# [Problem statement]
Beginning with the line that contains "STEP (ISO 10303-21)", copy each remaining line of the data below exactly.

# [Task material]
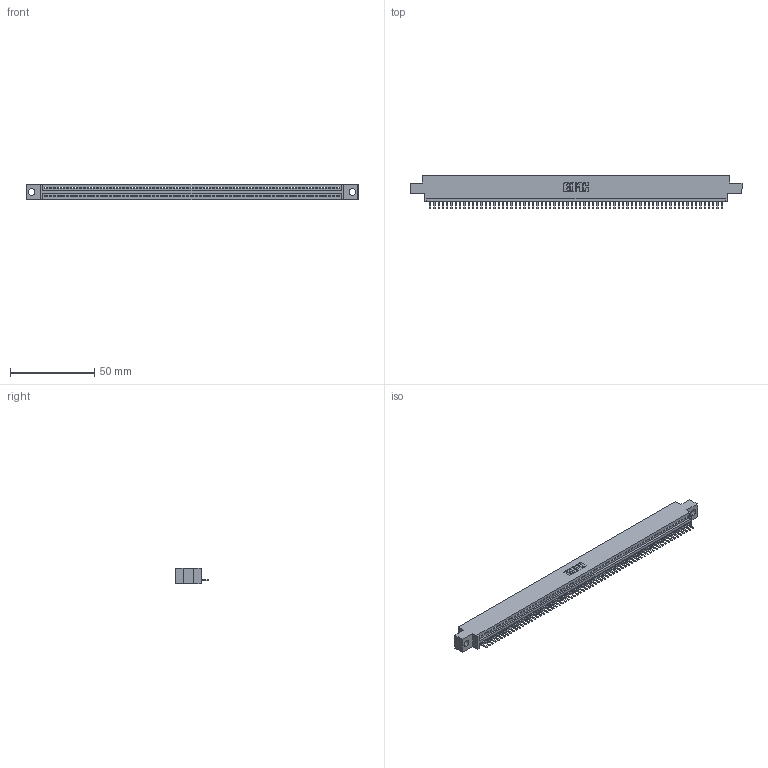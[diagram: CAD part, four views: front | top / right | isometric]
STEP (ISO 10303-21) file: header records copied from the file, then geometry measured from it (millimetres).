
FILE_DESCRIPTION (( 'STEP AP203' ), '1' );
FILE_NAME ('345-069-520-604.STEP', '2021-05-28T16:17:34', ( '' ), ( '' ), 'SwSTEP 2.0', 'SolidWorks 2020', '' );
FILE_SCHEMA (( 'CONFIG_CONTROL_DESIGN' ));
Length unit declared in the file: inch
Products named in the file (3): 345-069-520-604; 345 Part_0.170 Offset - 0.156 Dia-TI; 345-292-001_345-293-120
Assembly tree (70 placements, depth 2):
  345-069-520-604
    345 Part_0.170 Offset - 0.156 Dia-TI
    345-292-001_345-293-120  x69
Bounding box: 196.47 x 19.68 x 9.4 mm (x, y, z)
Volume: 18464.2 mm3; surface area: 24223.9 mm2
Topology: 70 solids, 70 shells, 4422 faces, 13085 edges, 8538 vertices
Faces by surface type: plane 2996, cylinder 1426
Entity records: 48961 total; most frequent: CARTESIAN_POINT 8501, ORIENTED_EDGE 8490, DIRECTION 7371, EDGE_CURVE 4245, LINE 3833, VECTOR 3833, VERTEX_POINT 2826, AXIS2_PLACEMENT_3D 1769

# [Written solution]
STEP (ISO 10303-21) file: header records copied from the file, then geometry measured from it (millimetres).
FILE_DESCRIPTION (( 'STEP AP203' ), '1' );
FILE_NAME ('345-069-520-604.STEP', '2021-05-28T16:17:34', ( '' ), ( '' ), 'SwSTEP 2.0', 'SolidWorks 2020', '' );
FILE_SCHEMA (( 'CONFIG_CONTROL_DESIGN' ));
Length unit declared in the file: inch
Products named in the file (3): 345-069-520-604; 345 Part_0.170 Offset - 0.156 Dia-TI; 345-292-001_345-293-120
Assembly tree (70 placements, depth 2):
  345-069-520-604
    345 Part_0.170 Offset - 0.156 Dia-TI
    345-292-001_345-293-120  x69
Bounding box: 196.47 x 19.68 x 9.4 mm (x, y, z)
Volume: 18464.2 mm3; surface area: 24223.9 mm2
Topology: 70 solids, 70 shells, 4422 faces, 13085 edges, 8538 vertices
Faces by surface type: plane 2996, cylinder 1426
Entity records: 48961 total; most frequent: CARTESIAN_POINT 8501, ORIENTED_EDGE 8490, DIRECTION 7371, EDGE_CURVE 4245, LINE 3833, VECTOR 3833, VERTEX_POINT 2826, AXIS2_PLACEMENT_3D 1769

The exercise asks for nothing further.